I dati del Report Fimi 2026 confermano infatti una crescita
solida del vinile, che nel 2025 ha generato 54,8 milioni di
dollari di ricavi, segnando un incremento del +24% rispetto
all'anno precedente: si tratta di un risultato economico
positivo che racconta un cambiamento profondo nelle abitudini di
consumo musicale.

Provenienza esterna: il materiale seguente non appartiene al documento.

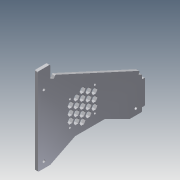
# Autodesk Inventor part: LeftSidePanel
Saved by Autodesk Inventor 2014 (Build 180170000, 170)
## iProperties
Created: 2015-01-19
Part Number: LeftSidePanel
Material: Generic
Document SubType Name: Modeling
Designer: Peele
Density: 1 g/cm^3
Appearance: White
Author: Peele
Autodesk Inventor part; units mm, degrees
ref_plane "YZ Plane" through (0, 0, 0) normal (1, 0, 0) x (0, 1, 0)
ref_plane "XZ Plane" through (0, 0, 0) normal (0, 1, 0) x (-1, 0, 0)
ref_plane "XY Plane" through (0, 0, 0) normal (0, 0, 1) x (1, 0, 0)
sketch "Sketch1" plane through (0, 0, 0) normal (1, 0, 0) x (0, 1, 0)
  line L0 (0, 0) -> (0, 175)
  line L1 (0, 175) -> (25, 175)
  line L2 (25, 175) -> (25, 150)
  line L3 (210, 65) -> (210, 0)
  line L4 (210, 0) -> (0, 0)
  line L5 (25, 150) -> (210, 65)
  line L6 (210, 65) -> (210, 150) construction
  line L7 (210, 150) -> (25, 150) construction
  dimension "d0" = 175
  dimension "d1" = 25
  dimension "d3" = 65
  dimension "d4" = 210
  dimension "d27" = 185
  dimension "d28" = 85
  constraints: 16 end point, 3 parallel, 3 perpendicular, 1 vertical
  measures "d0" distance of L0.start L0.end
  measures "d1" distance of L0.end L1.end
  measures "d3" distance of L3.start L3.end
  measures "d4" distance of L3.end L0.start
  measures "d27" distance of L2.end L6.end
  measures "d28" distance of L3.start L6.end
extrude "Extrusion1" add sketch "Sketch1" along normal blind 6
sketch "Sketch2" plane through (6, 0, 0) normal (1, 0, 0) x (0, 0, -1)
  line L0 (0, 0) -> (0, 210) projected
  line L1 (0, 210) -> (-65, 210) projected
  line L2 (-175, 0) -> (0, 0) projected
  line L3 (0, 185) -> (-25, 135)
  line L4 (-25, 135) -> (-25, 75)
  line L5 (-25, 75) -> (0, 25)
  line L6 (0, 185) -> (0, 25)
  dimension "d8" = 25
  dimension "d9" = 25
  dimension "d10" = 50
  dimension "d11" = 25
  constraints: 8 end point, 2 point on line, 1 equal length, 1 parallel, 1 perpendicular
  measures "d8" distance between parallel lines of L6 L4
  measures "d9" distance from line of L5.end L2
  measures "d10" vertical distance of L4.end L5.end
  measures "d11" distance from line of L3.start L1
extrude "Extrusion2" cut sketch "Sketch2" against normal through all
sketch "Sketch3" plane through (6, 0, 0) normal (1, 0, 0) x (0, 0, -1)
  line L0 (0, 185) -> (0, 210) projected
  line L1 (0, 210) -> (-65, 210) projected
  line L2 (-56.9, 210) -> (-8.1, 210)
  line L3 (-8.1, 210) -> (-8.1, 216)
  line L4 (-8.1, 216) -> (-56.9, 216)
  line L5 (-56.9, 216) -> (-56.9, 210)
  dimension "d14" = 8.1
  dimension "d15" = 8.1
  dimension "d16" = 6
  constraints: 8 end point, 2 parallel, 1 horizontal, 1 perpendicular, 1 point on line
  measures "d14" distance between parallel lines of L3 L0
  measures "d15" distance from line of L1.end L5
  measures "d16" distance of L2.end L3.end
extrude "Extrusion3" add sketch "Sketch3" against normal blind 6
sketch "Sketch4" plane through (6, 0, 0) normal (1, 0, 0) x (0, 0, -1)
  line L0 (0, 210) -> (-8.1, 210) projected
  line L1 (-175, 25) -> (-175, 0) projected
  line L2 (-175, 0) -> (0, 0) projected
  line L3 (0, 0) -> (0, 25) projected
  circle A0 centre (-12.5, 197.5) radius 2.7
  circle A1 centre (-12.5, 12.5) radius 2.7
  circle A2 centre (-137.5, 12.5) radius 2.7
  dimension "d19" = 12.5
  dimension "d20" = 37.5
  dimension "d21" = 12.5
  dimension "d22" = 12.5
  dimension "d23" = 5.4
  constraints: 3 centre point, 2 equal radius, 1 horizontal alignment, 1 vertical alignment
  measures "d19" distance from line of A2.centre L2
  measures "d20" distance from line of A2.centre L1
  measures "d21" distance from line of A1.centre L3
  measures "d22" distance from line of A0.centre L0
  measures "d23" diameter of A0
extrude "Extrusion4" cut sketch "Sketch4" against normal through all
sketch "Sketch6" plane through (6, 0, 0) normal (1, 0, 0) x (0, 0, -1)
  line L0 (-65, 210) -> (-150, 25) projected
  line L1 (-146.6182, 32.3603) -> (-152.0703, 34.8653)
  line L2 (-152.0703, 34.8653) -> (-73.8338, 205.1447)
  line L3 (-73.8338, 205.1447) -> (-68.3818, 202.6397)
  line L4 (-146.6182, 32.3603) -> (-68.3818, 202.6397)
  dimension "d33" = 8.1
  dimension "d36" = 8.1
  dimension "d38" = 6
  constraints: 8 end point, 4 perpendicular, 2 point on line
  measures "d33" distance from line of L0.start L3
  measures "d36" distance from line of L0.end L1
  measures "d38" distance between parallel lines of L2 L0
extrude "Extrusion5" add sketch "Sketch6" against normal blind 6
fillet "Fillet1" radius 2 14 edges at (3, 25, 175) (3, 0, 175) (3, 25, 150) (3, 210, 65) (3, 216, 56.9) (3, 216, 8.1) (3, 210, 0) (3, 185, 0) (3, 135, 25) (3, 75, 25) (3, 25, 0) (3, 0, 0) (3, 34.8653, 152.0703) (3, 205.1447, 73.8338)
sketch "Sketch7" plane through (6, 0, 0) normal (1, 0, 0) x (0, 0, -1)
  line L0 (-173, 0) -> (-2, 0) projected
  line L1 (-25, 75.4721) -> (-25, 134.5279) projected
  line L2 (-95, 65) -> (-45, 65) construction
  line L3 (-45, 65) -> (-45, 115) construction
  line L4 (-45, 115) -> (-95, 115) construction
  line L5 (-95, 115) -> (-95, 65) construction
  line L6 (-95, 65) -> (-45, 115) construction
  line L7 (-45, 65) -> (-95, 115) construction
  line L8 (-40, 60) -> (-100, 60) construction
  line L9 (-100, 60) -> (-100, 120) construction
  line L10 (-100, 120) -> (-40, 120) construction
  line L11 (-40, 120) -> (-40, 60) construction
  line L12 (-40, 60) -> (-100, 120) construction
  line L13 (-100, 60) -> (-40, 120) construction
  circle A0 centre (-95, 115) radius 2.15
  circle A1 centre (-45, 115) radius 2.15
  circle A2 centre (-45, 65) radius 2.15
  circle A3 centre (-95, 65) radius 2.15
  point P0 (0, 0)
  point P1 (-70, 90)
  dimension "d39" = 50
  dimension "d41" = 60
  dimension "d42" = 15
  dimension "d43" = 60
  dimension "d44" = 4.3
  constraints: 24 end point, 4 centre point, 4 midpoint, 4 parallel, 3 coincident, 3 equal radius, 3 perpendicular, 3 point on line, 2 horizontal
  measures "d39" distance of L2.end L3.end
  measures "d41" distance of L10.end L8.start
  measures "d42" distance between parallel lines of L11 L1
  measures "d43" distance between parallel lines of L8 L0
  measures "d44" diameter of A0
sketch "Sketch8" plane through (6, 0, 0) normal (1, 0, 0) x (0, 0, -1)
  line L0 (-173, 0) -> (-2, 0) projected
  line L1 (-25, 75.4721) -> (-25, 134.5279) projected
  line L2 (-109.8184, 56.9896) -> (-104.6402, 59.9793)
  line L3 (-104.6402, 59.9793) -> (-99.462, 56.9896)
  line L4 (-99.462, 56.9896) -> (-99.462, 51.0104)
  line L5 (-99.462, 51.0104) -> (-104.6402, 48.0207)
  line L6 (-104.6402, 48.0207) -> (-109.8184, 51.0104)
  line L7 (-109.8184, 51.0104) -> (-109.8184, 56.9896)
  line L8 (-102.8902, 68.9896) -> (-97.712, 71.9793)
  line L9 (-97.712, 71.9793) -> (-92.5338, 68.9896)
  line L10 (-92.5338, 68.9896) -> (-92.5338, 63.0104)
  line L11 (-92.5338, 63.0104) -> (-97.712, 60.0207)
  line L12 (-97.712, 60.0207) -> (-102.8902, 63.0104)
  line L13 (-102.8902, 63.0104) -> (-102.8902, 68.9896)
  line L14 (-97.712, 66) -> (-102.0511, 58.4845) construction
  point P0 (0, 0)
  point P1 (-104.6402, 54)
  point P2 (-109.8184, 54)
  dimension "d48" = 3.5
  dimension "d49" = 12
  dimension "d50" = 6.9282
  dimension "d51" = 72.712
  dimension "d52" = 66
  constraints: 26 end point, 2 midpoint, 2 vertical, 1 parallel, 1 perpendicular, 26 other
  measures "d48" distance between parallel lines of L12 L3
  measures "d49" vertical distance of L14.start point (-104.64, 54)
  measures "d50" horizontal distance of point (-104.64, 54) L14.start
  measures "d51" distance from line of L14.start L1
  measures "d52" distance from line of L14.start L0
extrude "Extrusion7" cut sketch "Sketch8" against normal blind 10
pattern_linear "Rectangular Pattern1" count 4 spacing 24 along (0, 1, 0) count 5 spacing 13.856 along (0, 0, -1) of "Extrusion7"
sketch "Sketch9" plane through (6, 0, 0) normal (1, 0, 0) x (0, 0, -1)
  line L0 (-47.4662, 135.0104) -> (-47.4662, 140.9896) projected
  line L1 (-47.4662, 140.9896) -> (-42.288, 143.9793) projected
  line L2 (-42.288, 143.9793) -> (-37.1098, 140.9896) projected
  line L3 (-37.1098, 140.9896) -> (-37.1098, 135.0104) projected
  line L4 (-37.1098, 135.0104) -> (-42.288, 132.0207) projected
  line L5 (-42.288, 132.0207) -> (-47.4662, 135.0104) projected
  line L6 (-47.4662, 111.0104) -> (-47.4662, 116.9896) projected
  line L7 (-47.4662, 116.9896) -> (-42.288, 119.9793) projected
  line L8 (-42.288, 119.9793) -> (-37.1098, 116.9896) projected
  line L9 (-37.1098, 116.9896) -> (-37.1098, 111.0104) projected
  line L10 (-37.1098, 111.0104) -> (-42.288, 108.0207) projected
  line L11 (-42.288, 108.0207) -> (-47.4662, 111.0104) projected
  line L12 (-54.3944, 51.0104) -> (-54.3944, 56.9896) projected
  line L13 (-54.3944, 56.9896) -> (-49.2162, 59.9793) projected
  line L14 (-49.2162, 59.9793) -> (-44.038, 56.9896) projected
  line L15 (-44.038, 56.9896) -> (-44.038, 51.0104) projected
  line L16 (-44.038, 51.0104) -> (-49.2162, 48.0207) projected
  line L17 (-49.2162, 48.0207) -> (-54.3944, 51.0104) projected
  line L18 (-47.4662, 63.0104) -> (-47.4662, 68.9896) projected
  line L19 (-47.4662, 68.9896) -> (-42.288, 71.9793) projected
  line L20 (-42.288, 71.9793) -> (-37.1098, 68.9896) projected
  line L21 (-37.1098, 68.9896) -> (-37.1098, 63.0104) projected
  line L22 (-37.1098, 63.0104) -> (-42.288, 60.0207) projected
  line L23 (-42.288, 60.0207) -> (-47.4662, 63.0104) projected
  line L24 (-68.2504, 123.0104) -> (-68.2504, 128.9896) projected
  line L25 (-68.2504, 128.9896) -> (-63.0722, 131.9793) projected
  line L26 (-63.0722, 131.9793) -> (-57.894, 128.9896) projected
  line L27 (-57.894, 128.9896) -> (-57.894, 123.0104) projected
  line L28 (-57.894, 123.0104) -> (-63.0722, 120.0207) projected
  line L29 (-63.0722, 120.0207) -> (-68.2504, 123.0104) projected
  line L30 (-61.3222, 135.0104) -> (-61.3222, 140.9896) projected
  line L31 (-61.3222, 140.9896) -> (-56.144, 143.9793) projected
  line L32 (-56.144, 143.9793) -> (-50.9658, 140.9896) projected
  line L33 (-50.9658, 140.9896) -> (-50.9658, 135.0104) projected
  line L34 (-50.9658, 135.0104) -> (-56.144, 132.0207) projected
  line L35 (-56.144, 132.0207) -> (-61.3222, 135.0104) projected
  line L36 (-68.2504, 51.0104) -> (-68.2504, 56.9896) projected
  line L37 (-68.2504, 56.9896) -> (-63.0722, 59.9793) projected
  line L38 (-63.0722, 59.9793) -> (-57.894, 56.9896) projected
  line L39 (-57.894, 56.9896) -> (-57.894, 51.0104) projected
  line L40 (-57.894, 51.0104) -> (-63.0722, 48.0207) projected
  line L41 (-63.0722, 48.0207) -> (-68.2504, 51.0104) projected
  line L42 (-82.1064, 123.0104) -> (-82.1064, 128.9896) projected
  line L43 (-82.1064, 128.9896) -> (-76.9282, 131.9793) projected
  line L44 (-76.9282, 131.9793) -> (-71.75, 128.9896) projected
  line L45 (-71.75, 128.9896) -> (-71.75, 123.0104) projected
  line L46 (-71.75, 123.0104) -> (-76.9282, 120.0207) projected
  line L47 (-76.9282, 120.0207) -> (-82.1064, 123.0104) projected
  line L48 (-75.1782, 135.0104) -> (-75.1782, 140.9896) projected
  line L49 (-75.1782, 140.9896) -> (-70, 143.9793) projected
  line L50 (-70, 143.9793) -> (-64.8218, 140.9896) projected
  line L51 (-64.8218, 140.9896) -> (-64.8218, 135.0104) projected
  line L52 (-64.8218, 135.0104) -> (-70, 132.0207) projected
  line L53 (-70, 132.0207) -> (-75.1782, 135.0104) projected
  line L54 (-82.1064, 51.0104) -> (-82.1064, 56.9896) projected
  line L55 (-82.1064, 56.9896) -> (-76.9282, 59.9793) projected
  line L56 (-76.9282, 59.9793) -> (-71.75, 56.9896) projected
  line L57 (-71.75, 56.9896) -> (-71.75, 51.0104) projected
  line L58 (-71.75, 51.0104) -> (-76.9282, 48.0207) projected
  line L59 (-76.9282, 48.0207) -> (-82.1064, 51.0104) projected
  line L60 (-95.9624, 123.0104) -> (-95.9624, 128.9896) projected
  line L61 (-95.9624, 128.9896) -> (-90.7842, 131.9793) projected
  line L62 (-90.7842, 131.9793) -> (-85.606, 128.9896) projected
  line L63 (-85.606, 128.9896) -> (-85.606, 123.0104) projected
  line L64 (-85.606, 123.0104) -> (-90.7842, 120.0207) projected
  line L65 (-90.7842, 120.0207) -> (-95.9624, 123.0104) projected
  line L66 (-89.0342, 135.0104) -> (-89.0342, 140.9896) projected
  line L67 (-89.0342, 140.9896) -> (-83.856, 143.9793) projected
  line L68 (-83.856, 143.9793) -> (-78.6778, 140.9896) projected
  line L69 (-78.6778, 140.9896) -> (-78.6778, 135.0104) projected
  line L70 (-78.6778, 135.0104) -> (-83.856, 132.0207) projected
  line L71 (-83.856, 132.0207) -> (-89.0342, 135.0104) projected
  line L72 (-95.9624, 51.0104) -> (-95.9624, 56.9896) projected
  line L73 (-95.9624, 56.9896) -> (-90.7842, 59.9793) projected
  line L74 (-90.7842, 59.9793) -> (-85.606, 56.9896) projected
  line L75 (-85.606, 56.9896) -> (-85.606, 51.0104) projected
  line L76 (-85.606, 51.0104) -> (-90.7842, 48.0207) projected
  line L77 (-90.7842, 48.0207) -> (-95.9624, 51.0104) projected
  line L78 (-102.8902, 135.0104) -> (-102.8902, 140.9896) projected
  line L79 (-102.8902, 140.9896) -> (-97.712, 143.9793) projected
  line L80 (-97.712, 143.9793) -> (-92.5338, 140.9896) projected
  line L81 (-92.5338, 140.9896) -> (-92.5338, 135.0104) projected
  line L82 (-92.5338, 135.0104) -> (-97.712, 132.0207) projected
  line L83 (-97.712, 132.0207) -> (-102.8902, 135.0104) projected
  line L84 (-109.8184, 99.0104) -> (-109.8184, 104.9896) projected
  line L85 (-109.8184, 104.9896) -> (-104.6402, 107.9793) projected
  line L86 (-104.6402, 107.9793) -> (-99.462, 104.9896) projected
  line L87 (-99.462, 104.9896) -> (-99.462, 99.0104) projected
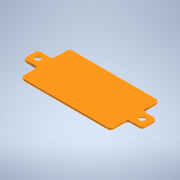
# Autodesk Inventor part: BatteryPlate
Saved by Autodesk Inventor 2021 (Build 250183000, 183)
## iProperties
Created: 2021-05-13
Part Number: BatteryPlate
Material: Generic
Document SubType Name: Modeling
Designer: ermoz
Density: 1 g/cm^3
Appearance: Default
Author: ermoz
Autodesk Inventor part; units mm, degrees
ref_plane "YZ Plane" through (0, 0, 0) normal (1, 0, 0) x (0, 1, 0)
ref_plane "XZ Plane" through (0, 0, 0) normal (0, 1, 0) x (-1, 0, 0)
ref_plane "XY Plane" through (0, 0, 0) normal (0, 0, 1) x (1, 0, 0)
sketch "Sketch1" plane through (0, 0, 0) normal (0, 1, 0) x (-1, 0, 0)
  line L0 (-31, -16.75) -> (31, -16.75)
  line L1 (31, -16.75) -> (31, 16.75)
  line L2 (31, 16.75) -> (-31, 16.75)
  line L3 (-31, 16.75) -> (-31, -16.75)
  line L4 (-31, -16.75) -> (31, 16.75) construction
  line L5 (31, -16.75) -> (-31, 16.75) construction
  point P0 (0, 0)
  dimension "d0" = 33.5
  dimension "d1" = 62
  constraints: 12 end point, 2 midpoint, 2 parallel, 1 horizontal, 1 perpendicular
  measures "d0" distance of L0.end L1.end
  measures "d1" distance of L1.end L2.end
extrude "Extrusion1" add sketch "Sketch1" along normal blind 1.5
fillet "Fillet1" radius 2 4 edges at (31, 0.75, 16.75) (31, 0.75, -16.75) (-31, 0.75, -16.75) (-31, 0.75, 16.75)
sketch "Sketch5" plane through (0, 0, 0) normal (0, -1, 0) x (1, 0, 0)
  line L0 (41, -5) -> (31, -5)
  line L1 (31, -5) -> (31, 5)
  line L2 (31, 5) -> (41, 5)
  line L3 (41, 5) -> (41, -5)
  line L4 (41, -5) -> (31, 5) construction
  line L5 (31, -5) -> (41, 5) construction
  line L6 (31, 14.75) -> (31, -14.75) projected
  line L7 (-41, -5) -> (-31, -5)
  line L8 (-31, -5) -> (-31, 5)
  line L9 (-31, 5) -> (-41, 5)
  line L10 (-41, 5) -> (-41, -5)
  line L11 (-41, -5) -> (-31, 5) construction
  line L12 (-31, -5) -> (-41, 5) construction
  line L13 (-31, -14.75) -> (-31, 14.75) projected
  point P0 (0, 0)
  point P1 (36, 0)
  point P2 (36, 0)
  point P3 (-36, 0)
  point P4 (-36, 0)
  dimension "d37" = 10
  dimension "d38" = 10
  constraints: 24 end point, 6 midpoint, 4 collinear, 4 parallel, 2 horizontal, 2 horizontal alignment, 2 perpendicular
  measures "d37" distance of L2.end L0.start
  measures "d38" distance of L0.start L0.end
extrude "Extrusion6" add sketch "Sketch5" against normal up to surface (1.5 mm away)
sketch "Sketch6" plane through (0, 0, 0) normal (0, -1, 0) x (1, 0, 0)
  circle A0 centre (36, 0) radius 1.75
  line L0 (31, 14.75) -> (31, 5) projected
  circle A1 centre (-36, 0) radius 1.75
  line L1 (-31, 5) -> (-31, 14.75) projected
  point P0 (0, 0)
  dimension "d41" = 3.5
  dimension "d42" = 5
  dimension "d51" = 5
  constraints: 2 centre point, 1 equal radius
  measures "d41" diameter of A0
  measures "d42" distance from line of L0 A0.centre
  measures "d51" distance from line of L1 A1.centre
extrude "Extrusion7" cut sketch "Sketch6" against normal up to surface (1.5 mm away)
fillet "Fillet6" radius 2 8 edges at (31, 0.75, 5) (41, 0.75, 5) (41, 0.75, -5) (31, 0.75, -5) (-31, 0.75, 5) (-41, 0.75, 5) (-41, 0.75, -5) (-31, 0.75, -5)
chamfer "Chamfer1" distance 1.5 angle 45 2 edges at (34.25, 0, 0) (-37.75, 0, 0)
equation "\"d51\" = d42"
body "Solid1"
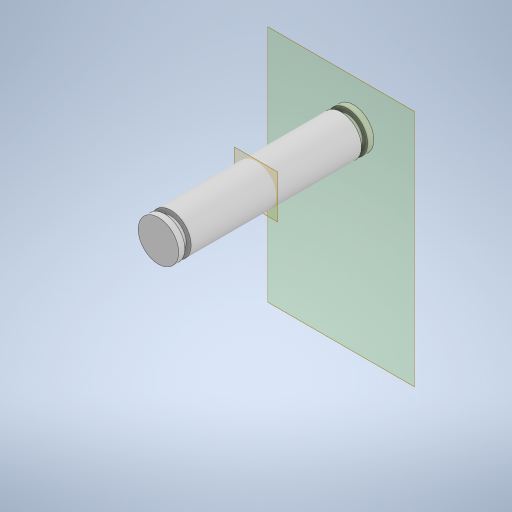
# Autodesk Inventor part: axle
Saved by Autodesk Inventor 2024 (Build 280153000, 153)
## iProperties
Created: 2024-03-08
Part Number: axle
Material: Generic
Document SubType Name: Modeling
Designer: MaartenGeorgesBuelen
Density: 1 g/cm^3
Appearance: Default
Sheet Metal Rule: Default
Author: MaartenGeorgesBuelen
## iProperties of the stored document axle_3DPrint.ipt
Created: 2024-03-08
Part Number: axle_3DPrint
Material: Generic
Document SubType Name: Modeling
Designer: MaartenGeorgesBuelen
Density: 1 g/cm^3
Appearance: Default
Author: MaartenGeorgesBuelen
Autodesk Inventor part; units mm, degrees
ref_plane "YZ Plane" through (0, 0, 0) normal (1, 0, 0) x (0, 1, 0)
ref_plane "XZ Plane" through (0, 0, 0) normal (0, 1, 0) x (-1, 0, 0)
ref_plane "Work Plane1" through (70, 0, -110) normal (0, 0, -1) x (-1, 0, 0)
sketch "Sketch1" plane through (70, 0, -110) normal (0, 0, -1) x (-1, 0, 0)
  circle A0 centre (35, 110) radius 13.5 projected
  circle A1 centre (35, 110) radius 13.09
  point P0 (70, 0)
  dimension "d2" = 0.41
  constraints: 1 centre point
  measures "d2" radial gap between concentric circles of A0 A1
ref_plane "Work Plane2" through (-8, 0, 0) normal (0, 0, 1) x (1, 0, 0)
extrude "Extrusion1" add sketch "Sketch1" against normal up to surface (110 mm away) contours A1
sketch "Sketch2" plane through (35, 110, 0) normal (0, 0, 1) x (1, 0, 0)
  circle A0 centre (0, 0) radius 13.09 projected
  circle A1 centre (0, 0) radius 10
  point P0 (-35, -110)
  dimension "d3" = 20
  constraints: 1 centre point, 1 coincident
  measures "d3" diameter of A1
extrude "Extrusion2" add sketch "Sketch2" along normal blind 4 contours A1
sketch "Sketch3" plane through (35, 110, 4) normal (0, 0, 1) x (1, 0, 0)
  circle A0 centre (0, 0) radius 13.09 projected
  point P0 (-35, -110)
extrude "Extrusion3" add sketch "Sketch3" along normal blind 4
ref_plane "Work Plane3" through (35, 110, -55) normal (0, 0, 1) x (1, 0, 0)
mirror "Mirror1" about plane through (35, 110, -55) normal (0, 0, 1) of "Extrusion2", "Extrusion3"
equation "\"BendRadius\" = Thickness"
equation "\"BendReliefWidth\" = Thickness"
equation "\"BendReliefDepth\" = 0.5 * Thickness"
equation "\"CornerReliefSize\" = 4 * Thickness"
equation "\"MinimumRemnant\" = 2 * Thickness"
equation "\"TransitionRadius\" = BendRadius"
equation "\"JacobiRadiusSize\" = BendRadius"
equation "\"GapSize\" = Thickness"
equation "\"Thickness\" = 3.048"
body "Solid1"

Si consideri il 2008 - l'anno di inaugurazione
del Record Store Day - per il quale il formato in Italia valeva
appena 1,9 milioni di dollari: in poco più di quindici anni, ha
quindi registrato una crescita superiore al +2.780%,
moltiplicando il proprio valore di quasi 29 volte e passando da
mercato di nicchia a protagonista del segmento fisico.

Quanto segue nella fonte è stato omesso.